Input data:
*** Block opens ***

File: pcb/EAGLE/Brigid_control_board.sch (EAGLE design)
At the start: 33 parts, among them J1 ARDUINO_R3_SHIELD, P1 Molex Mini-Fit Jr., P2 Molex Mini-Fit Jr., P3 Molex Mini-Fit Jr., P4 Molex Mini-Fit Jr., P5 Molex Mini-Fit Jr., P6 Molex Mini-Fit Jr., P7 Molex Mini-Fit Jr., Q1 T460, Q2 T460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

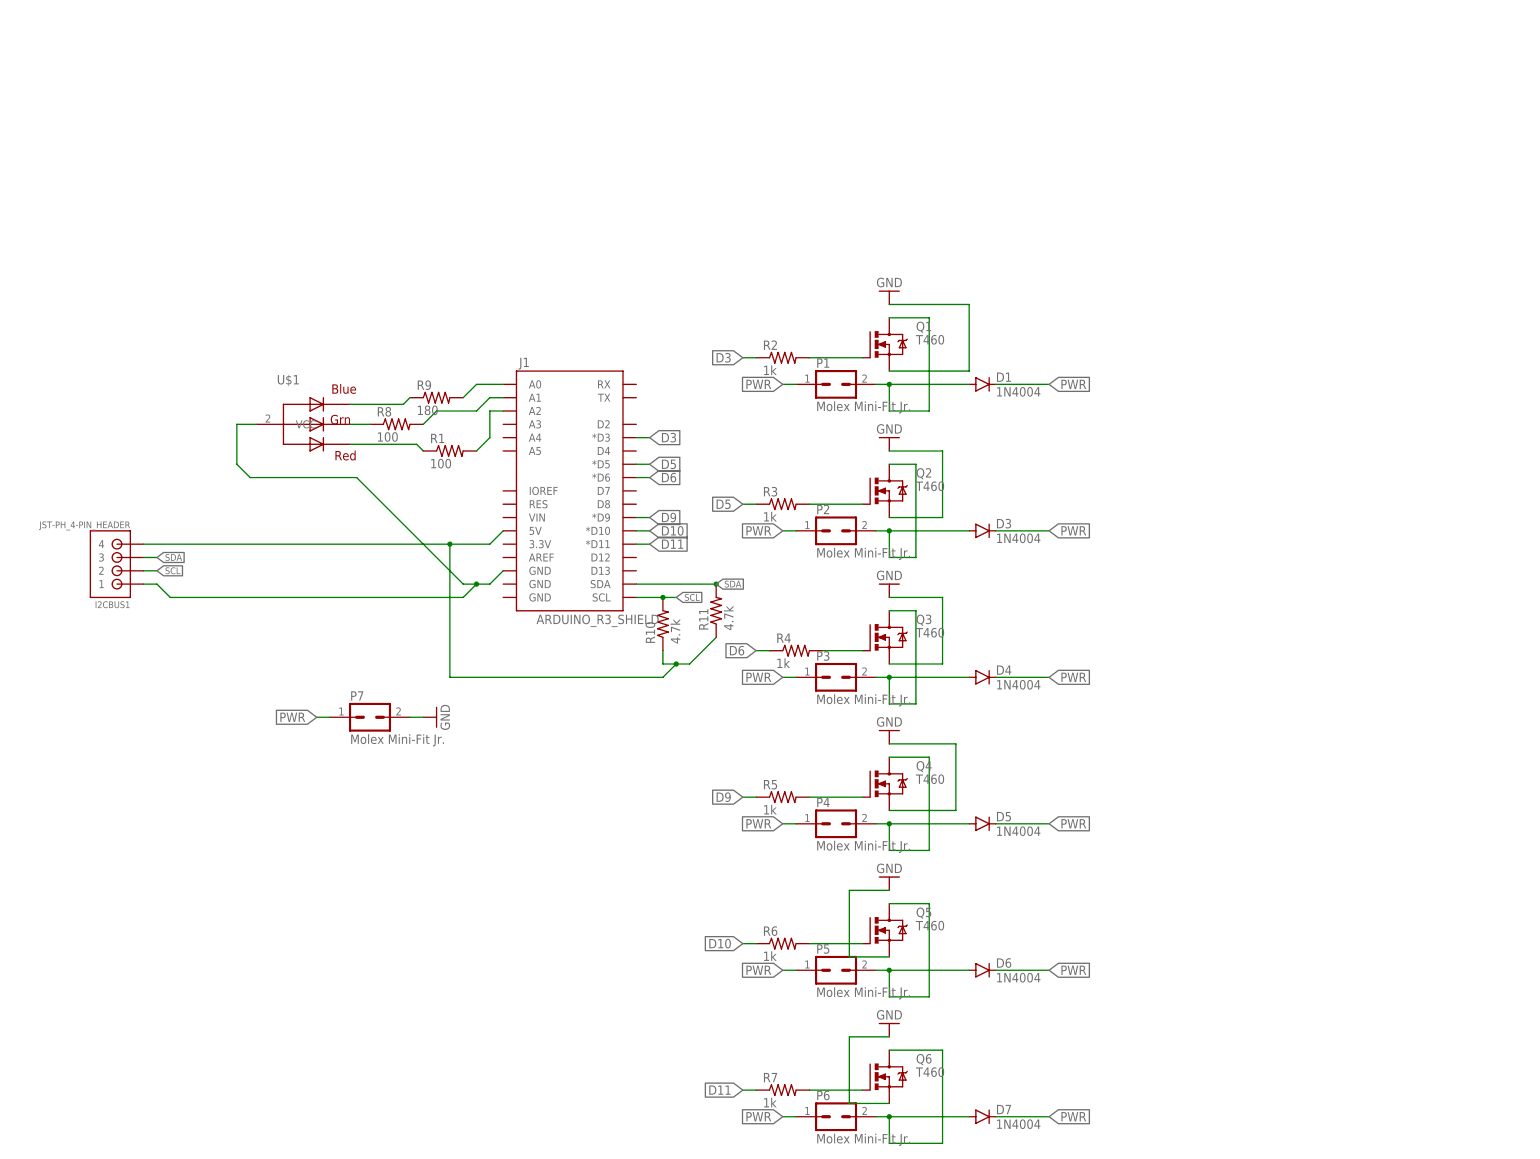
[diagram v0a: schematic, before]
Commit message: added firmware for DC_Motors
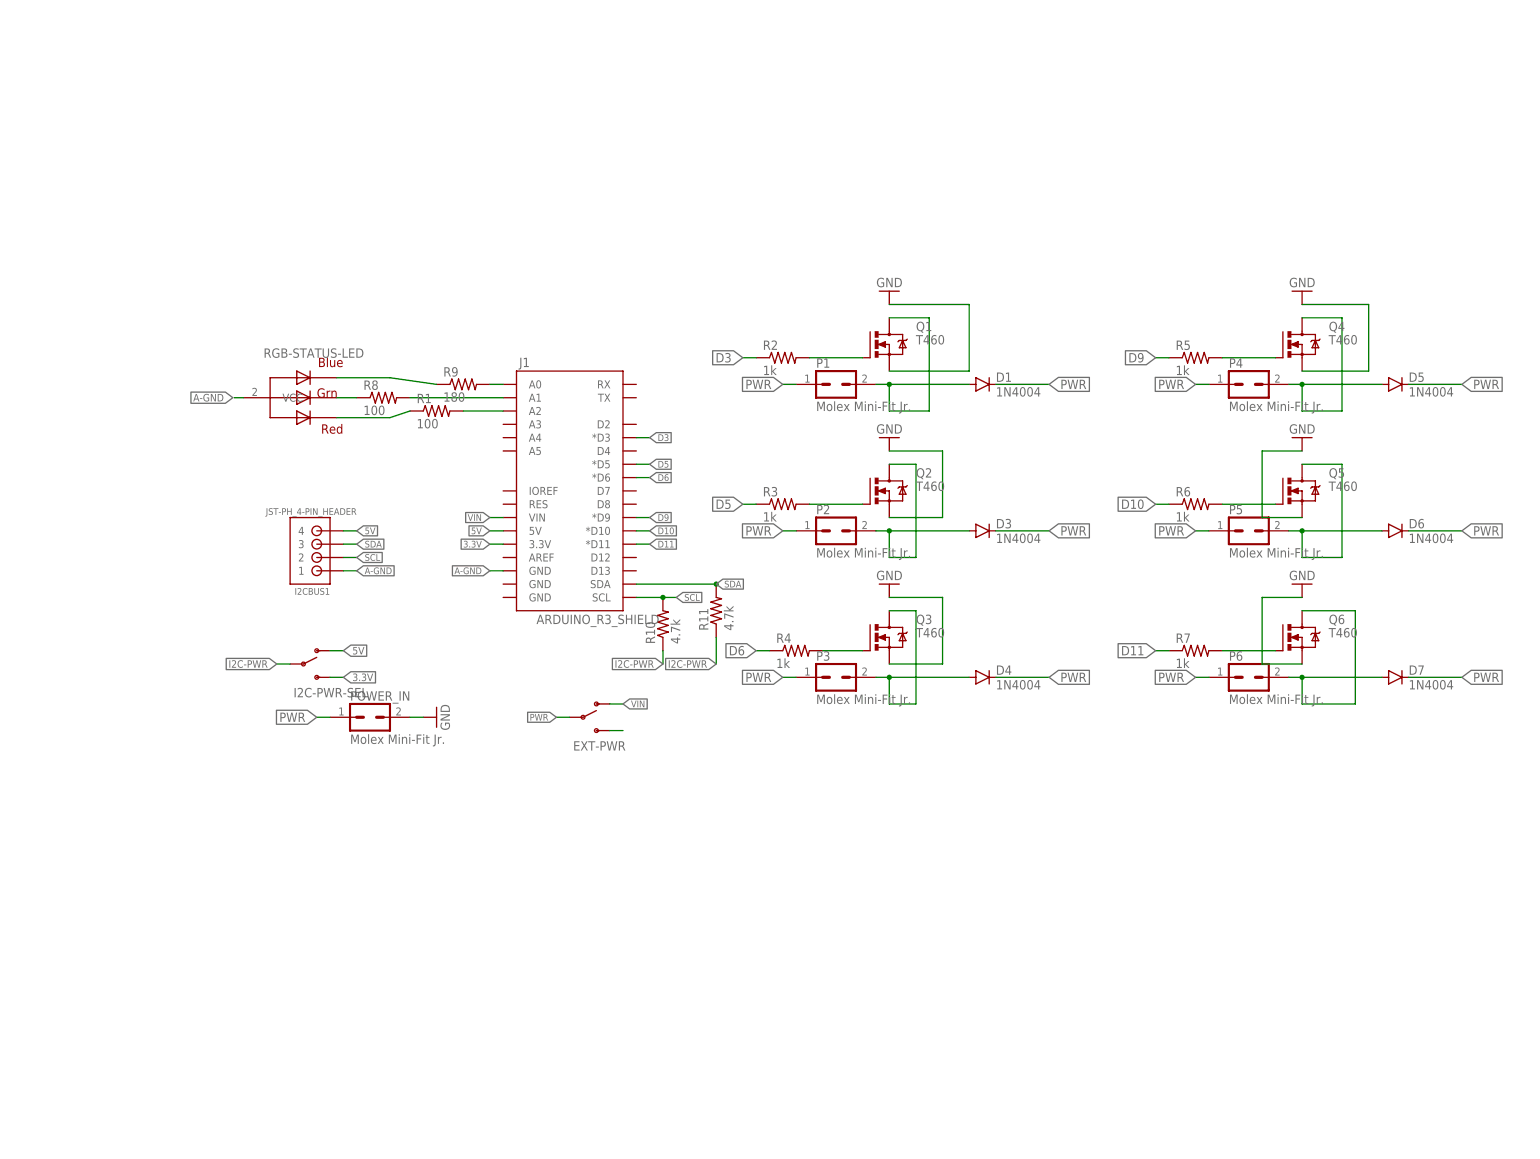
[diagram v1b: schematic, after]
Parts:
- removed U$1: RGB LED, adafruit:RGBLED_CA
- added EXT-PWR, I2C-PWR-SEL: (no value), SparkFun-Electromechanical:SWITCH-SPDTKIT
- added RGB-STATUS-LED: RGB LED, adafruit:RGBLED_CA
- renumbered P7 to POWER_IN
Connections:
- removed net N$20: I2CBUS1.1, J1.GND@2, U$1.VCC
- new net 3.3V: I2C-PWR-SEL.S, J1.3.3V
- new net 5V: I2C-PWR-SEL.O, I2CBUS1.4, J1.5V
- new net A-GND: I2CBUS1.1, J1.GND@2, RGB-STATUS-LED.VCC
- new net I2C-PWR: I2C-PWR-SEL.P, R10.1, R11.1
- new net VIN: EXT-PWR.O, J1.VIN
- net N$17: now also EXT-PWR.S; no longer I2CBUS1.4, J1.5V, R10.1, R11.1
- net N$5: now also RGB-STATUS-LED.BLUE; no longer U$1.BLUE
- net N$7: now also RGB-STATUS-LED.RED; no longer U$1.RED
- net N$8: now also RGB-STATUS-LED.GREEN; no longer U$1.GREEN
- net PWR: now also EXT-PWR.P
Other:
- moved on the sheet: D5, D6, D7, I2CBUS1, P4, P5, P6, Q4, Q5, Q6, R1, R5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

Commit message: updated brigid board, removed switched that were not needed
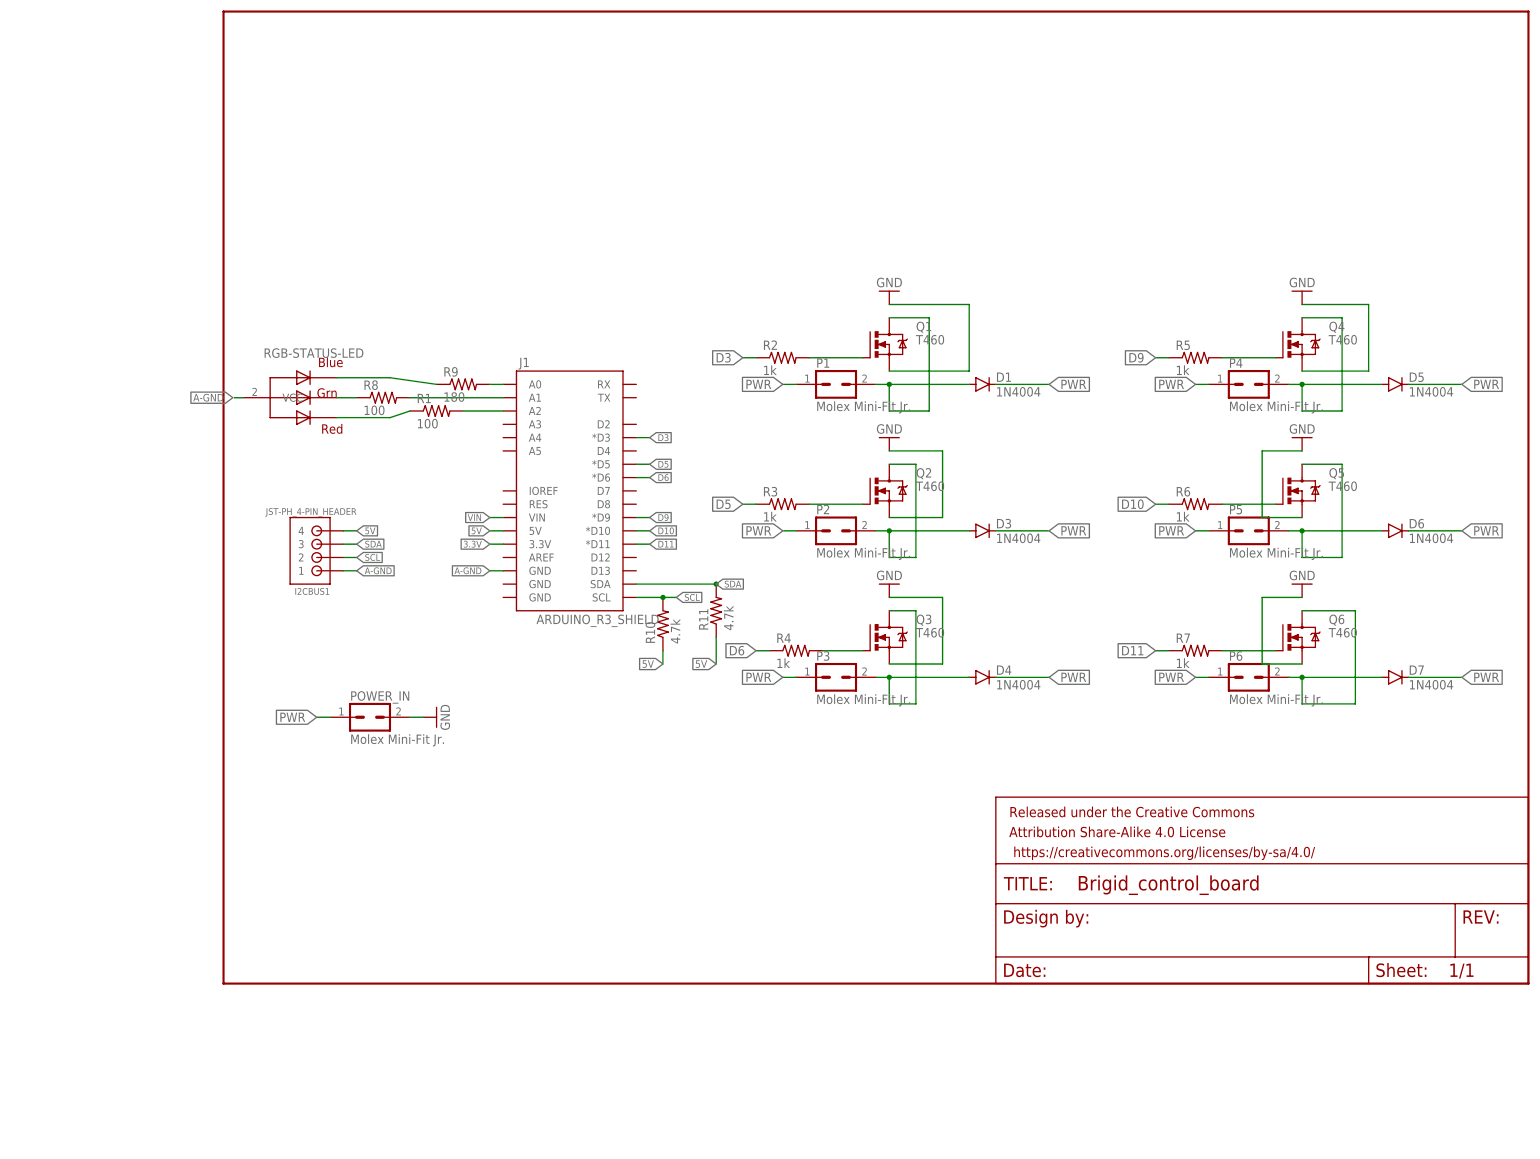
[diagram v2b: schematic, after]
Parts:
- removed EXT-PWR, I2C-PWR-SEL: (no value), SparkFun-Electromechanical:SWITCH-SPDTKIT
- added FRAME1: FRAME-LETTER, SparkFun-Aesthetics:FRAME-LETTER
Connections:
- removed net I2C-PWR: I2C-PWR-SEL.P, R10.1, R11.1
- removed net N$17: EXT-PWR.S
- net 3.3V: no longer I2C-PWR-SEL.S
- net 5V: now also R10.1, R11.1; no longer I2C-PWR-SEL.O
- net PWR: no longer EXT-PWR.P
- net VIN: no longer EXT-PWR.O
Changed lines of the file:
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@@
 <setting verticaltext="up"/>
 </settings>
-<grid distance="0.1" unitdist="inch" unit="inch" style="lines" multiple="1" display="yes" altdistance="0.01" altunitdist="inch" altunit="inch"/>
+<grid distance="0.1" unitdist="inch" unit="inch" style="lines" multiple="1" display="no" altdistance="0.01" altunitdist="inch" altunit="inch"/>
 <layers>
 <layer number="1" name="Top" color="4" fill="1" visible="no" active="no"/>
@@
 <part name="R10" library="SparkFun-Passives" deviceset="RESISTOR" device="EZ" value="4.7k"/>
 <part name="R11" library="SparkFun-Passives" deviceset="RESISTOR" device="EZ" value="4.7k"/>
-<part name="I2C-PWR-SEL" library="SparkFun-Electromechanical" deviceset="SWITCH-SPDT" device="KIT"/>
-<part name="EXT-PWR" library="SparkFun-Electromechanical" deviceset="SWITCH-SPDT" device="KIT"/>
+<part name="FRAME1" library="SparkFun-Aesthetics" deviceset="FRAME-LETTER" device=""/>
 </parts>
 <sheets>
@@
 <instance part="R10" gate="G$1" x="66.04" y="25.4" rot="R90"/>
 <instance part="R11" gate="G$1" x="76.2" y="27.94" rot="R90"/>
-<instance part="I2C-PWR-SEL" gate="1" x="-2.54" y="17.78"/>
-<instance part="EXT-PWR" gate="1" x="50.8" y="7.62"/>
+<instance part="FRAME1" gate="G$1" x="-17.78" y="-43.18"/>
+<instance part="FRAME1" gate="V" x="129.54" y="-43.18"/>
 </instances>
 <busses>
@@
 <label x="0" y="7.62" size="1.778" layer="95" rot="R180" xref="yes"/>
 </segment>
-<segment>
-<pinref part="EXT-PWR" gate="1" pin="P"/>
-<wire x1="48.26" y1="7.62" x2="45.72" y2="7.62" width="0.1524" layer="91"/>
-<label x="45.72" y="7.62" size="1.27" layer="95" rot="R180" xref="yes"/>
-</segment>
 </net>
 <net name="D3" class="0">
@@
 </segment>
 </net>
-<net name="I2C-PWR" class="0">
+<net name="A-GND" class="0">
+<segment>
+<pinref part="RGB-STATUS-LED" gate="G$1" pin="VCC"/>
+<wire x1="-13.97" y1="68.58" x2="-15.748" y2="68.58" width="0.1524" layer="91"/>
+<label x="-16.002" y="68.58" size="1.4224" layer="95" rot="R180" xref="yes"/>
+</segment>
+<segment>
+<pinref part="J1" gate="G$1" pin="GND@2"/>
+<wire x1="35.56" y1="35.56" x2="33.02" y2="35.56" width="0.1524" layer="91"/>
+<label x="33.02" y="35.56" size="1.27" layer="95" rot="R180" xref="yes"/>
+</segment>
+<segment>
+<pinref part="I2CBUS1" gate="G$1" pin="1"/>
+<wire x1="5.08" y1="35.56" x2="7.62" y2="35.56" width="0.1524" layer="91"/>
+<label x="7.62" y="35.56" size="1.27" layer="95" xref="yes"/>
+</segment>
+</net>
+<net name="5V" class="0">
+<segment>
+<pinref part="I2CBUS1" gate="G$1" pin="4"/>
+<wire x1="5.08" y1="43.18" x2="7.62" y2="43.18" width="0.127" layer="91"/>
+<label x="7.62" y="43.18" size="1.27" layer="95" xref="yes"/>
+</segment>
+<segment>
+<pinref part="J1" gate="G$1" pin="5V"/>
+<wire x1="35.56" y1="43.18" x2="33.02" y2="43.18" width="0.1524" layer="91"/>
+<label x="33.02" y="43.18" size="1.27" layer="95" rot="R180" xref="yes"/>
+</segment>
 <segment>
 <pinref part="R10" gate="G$1" pin="1"/>
@@
 <label x="76.2" y="17.78" size="1.4224" layer="95" rot="R180" xref="yes"/>
 </segment>
-<segment>
-<pinref part="I2C-PWR-SEL" gate="1" pin="P"/>
-<wire x1="-5.08" y1="17.78" x2="-7.62" y2="17.78" width="0.1524" layer="91"/>
-<label x="-7.62" y="17.78" size="1.4224" layer="95" rot="R180" xref="yes"/>
-</segment>
-</net>
-<net name="A-GND" class="0">
-<segment>
-<pinref part="RGB-STATUS-LED" gate="G$1" pin="VCC"/>
-<wire x1="-13.97" y1="68.58" x2="-15.748" y2="68.58" width="0.1524" layer="91"/>
-<label x="-16.002" y="68.58" size="1.4224" layer="95" rot="R180" xref="yes"/>
-</segment>
-<segment>
-<pinref part="J1" gate="G$1" pin="GND@2"/>
-<wire x1="35.56" y1="35.56" x2="33.02" y2="35.56" width="0.1524" layer="91"/>
-<label x="33.02" y="35.56" size="1.27" layer="95" rot="R180" xref="yes"/>
-</segment>
-<segment>
-<pinref part="I2CBUS1" gate="G$1" pin="1"/>
-<wire x1="5.08" y1="35.56" x2="7.62" y2="35.56" width="0.1524" layer="91"/>
-<label x="7.62" y="35.56" size="1.27" layer="95" xref="yes"/>
-</segment>
-</net>
-<net name="5V" class="0">
-<segment>
-<pinref part="I2CBUS1" gate="G$1" pin="4"/>
-<wire x1="5.08" y1="43.18" x2="7.62" y2="43.18" width="0.127" layer="91"/>
-<label x="7.62" y="43.18" size="1.27" layer="95" xref="yes"/>
-</segment>
-<segment>
-<pinref part="J1" gate="G$1" pin="5V"/>
-<wire x1="35.56" y1="43.18" x2="33.02" y2="43.18" width="0.1524" layer="91"/>
-<label x="33.02" y="43.18" size="1.27" layer="95" rot="R180" xref="yes"/>
-</segment>
-<segment>
-<pinref part="I2C-PWR-SEL" gate="1" pin="O"/>
-<wire x1="2.54" y1="20.32" x2="5.08" y2="20.32" width="0.1524" layer="91"/>
-<label x="5.08" y="20.32" size="1.4224" layer="95" xref="yes"/>
-</segment>
 </net>
 <net name="3.3V" class="0">
-<segment>
-<pinref part="I2C-PWR-SEL" gate="1" pin="S"/>
-<wire x1="2.54" y1="15.24" x2="5.08" y2="15.24" width="0.1524" layer="91"/>
-<label x="5.08" y="15.24" size="1.4224" layer="95" xref="yes"/>
-</segment>
 <segment>
 <pinref part="J1" gate="G$1" pin="3.3V"/>
@@
 <net name="VIN" class="0">
 <segment>
-<pinref part="EXT-PWR" gate="1" pin="O"/>
-<wire x1="55.88" y1="10.16" x2="58.42" y2="10.16" width="0.1524" layer="91"/>
-<label x="58.42" y="10.16" size="1.27" layer="95" xref="yes"/>
-</segment>
-<segment>
 <pinref part="J1" gate="G$1" pin="VIN"/>
 <wire x1="35.56" y1="45.72" x2="33.02" y2="45.72" width="0.1524" layer="91"/>
@@
 </segment>
 </net>
-<net name="N$17" class="0">
-<segment>
-<pinref part="EXT-PWR" gate="1" pin="S"/>
-<wire x1="55.88" y1="5.08" x2="58.42" y2="5.08" width="0.1524" layer="91"/>
-</segment>
-</net>

*** Block closes ***

Directions:
Which lines in the records above include the word "altunitdist"? Copy them out.

Solution:
-<grid distance="0.1" unitdist="inch" unit="inch" style="lines" multiple="1" display="yes" altdistance="0.01" altunitdist="inch" altunit="inch"/>
+<grid distance="0.1" unitdist="inch" unit="inch" style="lines" multiple="1" display="no" altdistance="0.01" altunitdist="inch" altunit="inch"/>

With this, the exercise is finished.